▶ **Task to complete**: Return the entries below word for word; no images should appear in the copy.

▶ **Dataset excerpts**:
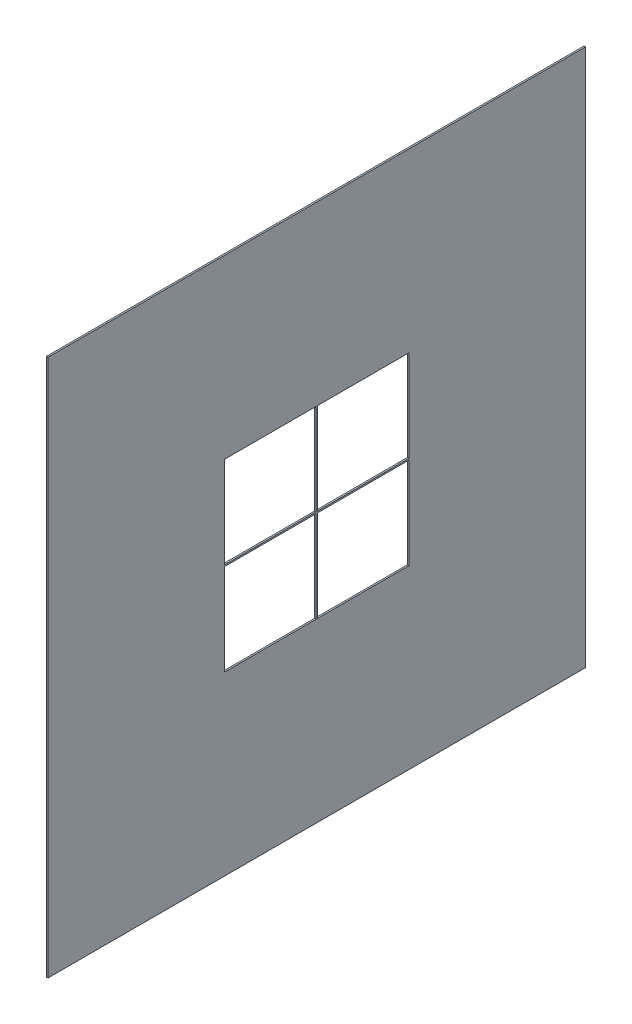
ISO-10303-21;
HEADER;
FILE_DESCRIPTION(('STEP AP214'),'2;1');
FILE_NAME('part.step','',(''),(''),'','','');
FILE_SCHEMA(('AUTOMOTIVE_DESIGN { 1 0 10303 214 1 1 1 1 }'));
ENDSEC;
DATA;
#1=APPLICATION_CONTEXT('core data for automotive mechanical design processes');
#2=APPLICATION_PROTOCOL_DEFINITION('international standard','automotive_design',2000,#1);
#3=PRODUCT_CONTEXT('',#1,'mechanical');
#4=PRODUCT('Part','Part','',(#3));
#5=PRODUCT_RELATED_PRODUCT_CATEGORY('part','',(#4));
#6=PRODUCT_DEFINITION_FORMATION('','',#4);
#7=PRODUCT_DEFINITION_CONTEXT('part definition',#1,'design');
#8=PRODUCT_DEFINITION('design','',#6,#7);
#9=PRODUCT_DEFINITION_SHAPE('','',#8);
#10=(LENGTH_UNIT() NAMED_UNIT(*) SI_UNIT(.MILLI.,.METRE.));
#11=(NAMED_UNIT(*) PLANE_ANGLE_UNIT() SI_UNIT($,.RADIAN.));
#12=(NAMED_UNIT(*) SI_UNIT($,.STERADIAN.) SOLID_ANGLE_UNIT());
#13=UNCERTAINTY_MEASURE_WITH_UNIT(LENGTH_MEASURE(1.E-05),#10,'distance_accuracy_value','');
#14=(GEOMETRIC_REPRESENTATION_CONTEXT(3) GLOBAL_UNCERTAINTY_ASSIGNED_CONTEXT((#13)) GLOBAL_UNIT_ASSIGNED_CONTEXT((#10,
#11,#12)) REPRESENTATION_CONTEXT('',''));
#15=CARTESIAN_POINT('',(0.,0.,0.));
#16=DIRECTION('',(0.,0.,1.));
#17=DIRECTION('',(1.,0.,0.));
#18=AXIS2_PLACEMENT_3D('',#15,#16,#17);
#19=CARTESIAN_POINT('',(10.,-1750.,-1750.));
#20=DIRECTION('',(0.,0.,1.));
#21=DIRECTION('',(1.,0.,0.));
#22=AXIS2_PLACEMENT_3D('',#19,#20,#21);
#23=PLANE('',#22);
#24=DIRECTION('',(0.,1.,0.));
#25=VECTOR('',#24,1.);
#26=CARTESIAN_POINT('',(0.,-1750.,-1750.));
#27=LINE('',#26,#25);
#28=CARTESIAN_POINT('',(0.,-1750.,-1750.));
#29=VERTEX_POINT('',#28);
#30=CARTESIAN_POINT('',(0.,1750.,-1750.));
#31=VERTEX_POINT('',#30);
#32=EDGE_CURVE('E300',#29,#31,#27,.T.);
#33=ORIENTED_EDGE('',*,*,#32,.T.);
#34=DIRECTION('',(-1.,0.,0.));
#35=VECTOR('',#34,1.);
#36=CARTESIAN_POINT('',(10.,1750.,-1750.));
#37=LINE('',#36,#35);
#38=CARTESIAN_POINT('',(10.,1750.,-1750.));
#39=VERTEX_POINT('',#38);
#40=EDGE_CURVE('E11',#39,#31,#37,.T.);
#41=ORIENTED_EDGE('',*,*,#40,.F.);
#42=DIRECTION('',(0.,1.,0.));
#43=VECTOR('',#42,1.);
#44=CARTESIAN_POINT('',(10.,-1750.,-1750.));
#45=LINE('',#44,#43);
#46=CARTESIAN_POINT('',(10.,-1750.,-1750.));
#47=VERTEX_POINT('',#46);
#48=EDGE_CURVE('E307',#47,#39,#45,.T.);
#49=ORIENTED_EDGE('',*,*,#48,.F.);
#50=DIRECTION('',(-1.,0.,0.));
#51=VECTOR('',#50,1.);
#52=CARTESIAN_POINT('',(10.,-1750.,-1750.));
#53=LINE('',#52,#51);
#54=EDGE_CURVE('E317',#47,#29,#53,.T.);
#55=ORIENTED_EDGE('',*,*,#54,.T.);
#56=EDGE_LOOP('',(#33,#41,#49,#55));
#57=FACE_BOUND('',#56,.T.);
#58=ADVANCED_FACE('F35',(#57),#23,.F.);
#59=CARTESIAN_POINT('',(10.,1750.,1750.));
#60=DIRECTION('',(0.,-1.,0.));
#61=DIRECTION('',(0.,0.,-1.));
#62=AXIS2_PLACEMENT_3D('',#59,#60,#61);
#63=PLANE('',#62);
#64=DIRECTION('',(0.,0.,1.));
#65=VECTOR('',#64,1.);
#66=CARTESIAN_POINT('',(0.,1750.,1750.));
#67=LINE('',#66,#65);
#68=CARTESIAN_POINT('',(0.,1750.,1750.));
#69=VERTEX_POINT('',#68);
#70=EDGE_CURVE('E320',#31,#69,#67,.T.);
#71=ORIENTED_EDGE('',*,*,#70,.T.);
#72=DIRECTION('',(-1.,0.,0.));
#73=VECTOR('',#72,1.);
#74=CARTESIAN_POINT('',(10.,1750.,1750.));
#75=LINE('',#74,#73);
#76=CARTESIAN_POINT('',(10.,1750.,1750.));
#77=VERTEX_POINT('',#76);
#78=EDGE_CURVE('E42',#77,#69,#75,.T.);
#79=ORIENTED_EDGE('',*,*,#78,.F.);
#80=DIRECTION('',(0.,0.,1.));
#81=VECTOR('',#80,1.);
#82=CARTESIAN_POINT('',(10.,1750.,1750.));
#83=LINE('',#82,#81);
#84=EDGE_CURVE('E310',#39,#77,#83,.T.);
#85=ORIENTED_EDGE('',*,*,#84,.F.);
#86=ORIENTED_EDGE('',*,*,#40,.T.);
#87=EDGE_LOOP('',(#71,#79,#85,#86));
#88=FACE_BOUND('',#87,.T.);
#89=ADVANCED_FACE('F349',(#88),#63,.F.);
#90=CARTESIAN_POINT('',(10.,-1750.,1750.));
#91=DIRECTION('',(0.,0.,-1.));
#92=DIRECTION('',(-1.,0.,0.));
#93=AXIS2_PLACEMENT_3D('',#90,#91,#92);
#94=PLANE('',#93);
#95=DIRECTION('',(0.,-1.,0.));
#96=VECTOR('',#95,1.);
#97=CARTESIAN_POINT('',(0.,-1750.,1750.));
#98=LINE('',#97,#96);
#99=CARTESIAN_POINT('',(0.,-1750.,1750.));
#100=VERTEX_POINT('',#99);
#101=EDGE_CURVE('E322',#69,#100,#98,.T.);
#102=ORIENTED_EDGE('',*,*,#101,.T.);
#103=DIRECTION('',(-1.,0.,0.));
#104=VECTOR('',#103,1.);
#105=CARTESIAN_POINT('',(10.,-1750.,1750.));
#106=LINE('',#105,#104);
#107=CARTESIAN_POINT('',(10.,-1750.,1750.));
#108=VERTEX_POINT('',#107);
#109=EDGE_CURVE('E327',#108,#100,#106,.T.);
#110=ORIENTED_EDGE('',*,*,#109,.F.);
#111=DIRECTION('',(0.,-1.,0.));
#112=VECTOR('',#111,1.);
#113=CARTESIAN_POINT('',(10.,-1750.,1750.));
#114=LINE('',#113,#112);
#115=EDGE_CURVE('E313',#77,#108,#114,.T.);
#116=ORIENTED_EDGE('',*,*,#115,.F.);
#117=ORIENTED_EDGE('',*,*,#78,.T.);
#118=EDGE_LOOP('',(#102,#110,#116,#117));
#119=FACE_BOUND('',#118,.T.);
#120=ADVANCED_FACE('F334',(#119),#94,.F.);
#121=CARTESIAN_POINT('',(10.,-1750.,1750.));
#122=DIRECTION('',(0.,1.,0.));
#123=DIRECTION('',(0.,0.,1.));
#124=AXIS2_PLACEMENT_3D('',#121,#122,#123);
#125=PLANE('',#124);
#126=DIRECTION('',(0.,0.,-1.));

▶ **Response below**:
ISO-10303-21;
HEADER;
FILE_DESCRIPTION(('STEP AP214'),'2;1');
FILE_NAME('part.step','',(''),(''),'','','');
FILE_SCHEMA(('AUTOMOTIVE_DESIGN { 1 0 10303 214 1 1 1 1 }'));
ENDSEC;
DATA;
#1=APPLICATION_CONTEXT('core data for automotive mechanical design processes');
#2=APPLICATION_PROTOCOL_DEFINITION('international standard','automotive_design',2000,#1);
#3=PRODUCT_CONTEXT('',#1,'mechanical');
#4=PRODUCT('Part','Part','',(#3));
#5=PRODUCT_RELATED_PRODUCT_CATEGORY('part','',(#4));
#6=PRODUCT_DEFINITION_FORMATION('','',#4);
#7=PRODUCT_DEFINITION_CONTEXT('part definition',#1,'design');
#8=PRODUCT_DEFINITION('design','',#6,#7);
#9=PRODUCT_DEFINITION_SHAPE('','',#8);
#10=(LENGTH_UNIT() NAMED_UNIT(*) SI_UNIT(.MILLI.,.METRE.));
#11=(NAMED_UNIT(*) PLANE_ANGLE_UNIT() SI_UNIT($,.RADIAN.));
#12=(NAMED_UNIT(*) SI_UNIT($,.STERADIAN.) SOLID_ANGLE_UNIT());
#13=UNCERTAINTY_MEASURE_WITH_UNIT(LENGTH_MEASURE(1.E-05),#10,'distance_accuracy_value','');
#14=(GEOMETRIC_REPRESENTATION_CONTEXT(3) GLOBAL_UNCERTAINTY_ASSIGNED_CONTEXT((#13)) GLOBAL_UNIT_ASSIGNED_CONTEXT((#10,
#11,#12)) REPRESENTATION_CONTEXT('',''));
#15=CARTESIAN_POINT('',(0.,0.,0.));
#16=DIRECTION('',(0.,0.,1.));
#17=DIRECTION('',(1.,0.,0.));
#18=AXIS2_PLACEMENT_3D('',#15,#16,#17);
#19=CARTESIAN_POINT('',(10.,-1750.,-1750.));
#20=DIRECTION('',(0.,0.,1.));
#21=DIRECTION('',(1.,0.,0.));
#22=AXIS2_PLACEMENT_3D('',#19,#20,#21);
#23=PLANE('',#22);
#24=DIRECTION('',(0.,1.,0.));
#25=VECTOR('',#24,1.);
#26=CARTESIAN_POINT('',(0.,-1750.,-1750.));
#27=LINE('',#26,#25);
#28=CARTESIAN_POINT('',(0.,-1750.,-1750.));
#29=VERTEX_POINT('',#28);
#30=CARTESIAN_POINT('',(0.,1750.,-1750.));
#31=VERTEX_POINT('',#30);
#32=EDGE_CURVE('E300',#29,#31,#27,.T.);
#33=ORIENTED_EDGE('',*,*,#32,.T.);
#34=DIRECTION('',(-1.,0.,0.));
#35=VECTOR('',#34,1.);
#36=CARTESIAN_POINT('',(10.,1750.,-1750.));
#37=LINE('',#36,#35);
#38=CARTESIAN_POINT('',(10.,1750.,-1750.));
#39=VERTEX_POINT('',#38);
#40=EDGE_CURVE('E11',#39,#31,#37,.T.);
#41=ORIENTED_EDGE('',*,*,#40,.F.);
#42=DIRECTION('',(0.,1.,0.));
#43=VECTOR('',#42,1.);
#44=CARTESIAN_POINT('',(10.,-1750.,-1750.));
#45=LINE('',#44,#43);
#46=CARTESIAN_POINT('',(10.,-1750.,-1750.));
#47=VERTEX_POINT('',#46);
#48=EDGE_CURVE('E307',#47,#39,#45,.T.);
#49=ORIENTED_EDGE('',*,*,#48,.F.);
#50=DIRECTION('',(-1.,0.,0.));
#51=VECTOR('',#50,1.);
#52=CARTESIAN_POINT('',(10.,-1750.,-1750.));
#53=LINE('',#52,#51);
#54=EDGE_CURVE('E317',#47,#29,#53,.T.);
#55=ORIENTED_EDGE('',*,*,#54,.T.);
#56=EDGE_LOOP('',(#33,#41,#49,#55));
#57=FACE_BOUND('',#56,.T.);
#58=ADVANCED_FACE('F35',(#57),#23,.F.);
#59=CARTESIAN_POINT('',(10.,1750.,1750.));
#60=DIRECTION('',(0.,-1.,0.));
#61=DIRECTION('',(0.,0.,-1.));
#62=AXIS2_PLACEMENT_3D('',#59,#60,#61);
#63=PLANE('',#62);
#64=DIRECTION('',(0.,0.,1.));
#65=VECTOR('',#64,1.);
#66=CARTESIAN_POINT('',(0.,1750.,1750.));
#67=LINE('',#66,#65);
#68=CARTESIAN_POINT('',(0.,1750.,1750.));
#69=VERTEX_POINT('',#68);
#70=EDGE_CURVE('E320',#31,#69,#67,.T.);
#71=ORIENTED_EDGE('',*,*,#70,.T.);
#72=DIRECTION('',(-1.,0.,0.));
#73=VECTOR('',#72,1.);
#74=CARTESIAN_POINT('',(10.,1750.,1750.));
#75=LINE('',#74,#73);
#76=CARTESIAN_POINT('',(10.,1750.,1750.));
#77=VERTEX_POINT('',#76);
#78=EDGE_CURVE('E42',#77,#69,#75,.T.);
#79=ORIENTED_EDGE('',*,*,#78,.F.);
#80=DIRECTION('',(0.,0.,1.));
#81=VECTOR('',#80,1.);
#82=CARTESIAN_POINT('',(10.,1750.,1750.));
#83=LINE('',#82,#81);
#84=EDGE_CURVE('E310',#39,#77,#83,.T.);
#85=ORIENTED_EDGE('',*,*,#84,.F.);
#86=ORIENTED_EDGE('',*,*,#40,.T.);
#87=EDGE_LOOP('',(#71,#79,#85,#86));
#88=FACE_BOUND('',#87,.T.);
#89=ADVANCED_FACE('F349',(#88),#63,.F.);
#90=CARTESIAN_POINT('',(10.,-1750.,1750.));
#91=DIRECTION('',(0.,0.,-1.));
#92=DIRECTION('',(-1.,0.,0.));
#93=AXIS2_PLACEMENT_3D('',#90,#91,#92);
#94=PLANE('',#93);
#95=DIRECTION('',(0.,-1.,0.));
#96=VECTOR('',#95,1.);
#97=CARTESIAN_POINT('',(0.,-1750.,1750.));
#98=LINE('',#97,#96);
#99=CARTESIAN_POINT('',(0.,-1750.,1750.));
#100=VERTEX_POINT('',#99);
#101=EDGE_CURVE('E322',#69,#100,#98,.T.);
#102=ORIENTED_EDGE('',*,*,#101,.T.);
#103=DIRECTION('',(-1.,0.,0.));
#104=VECTOR('',#103,1.);
#105=CARTESIAN_POINT('',(10.,-1750.,1750.));
#106=LINE('',#105,#104);
#107=CARTESIAN_POINT('',(10.,-1750.,1750.));
#108=VERTEX_POINT('',#107);
#109=EDGE_CURVE('E327',#108,#100,#106,.T.);
#110=ORIENTED_EDGE('',*,*,#109,.F.);
#111=DIRECTION('',(0.,-1.,0.));
#112=VECTOR('',#111,1.);
#113=CARTESIAN_POINT('',(10.,-1750.,1750.));
#114=LINE('',#113,#112);
#115=EDGE_CURVE('E313',#77,#108,#114,.T.);
#116=ORIENTED_EDGE('',*,*,#115,.F.);
#117=ORIENTED_EDGE('',*,*,#78,.T.);
#118=EDGE_LOOP('',(#102,#110,#116,#117));
#119=FACE_BOUND('',#118,.T.);
#120=ADVANCED_FACE('F334',(#119),#94,.F.);
#121=CARTESIAN_POINT('',(10.,-1750.,1750.));
#122=DIRECTION('',(0.,1.,0.));
#123=DIRECTION('',(0.,0.,1.));
#124=AXIS2_PLACEMENT_3D('',#121,#122,#123);
#125=PLANE('',#124);
#126=DIRECTION('',(0.,0.,-1.));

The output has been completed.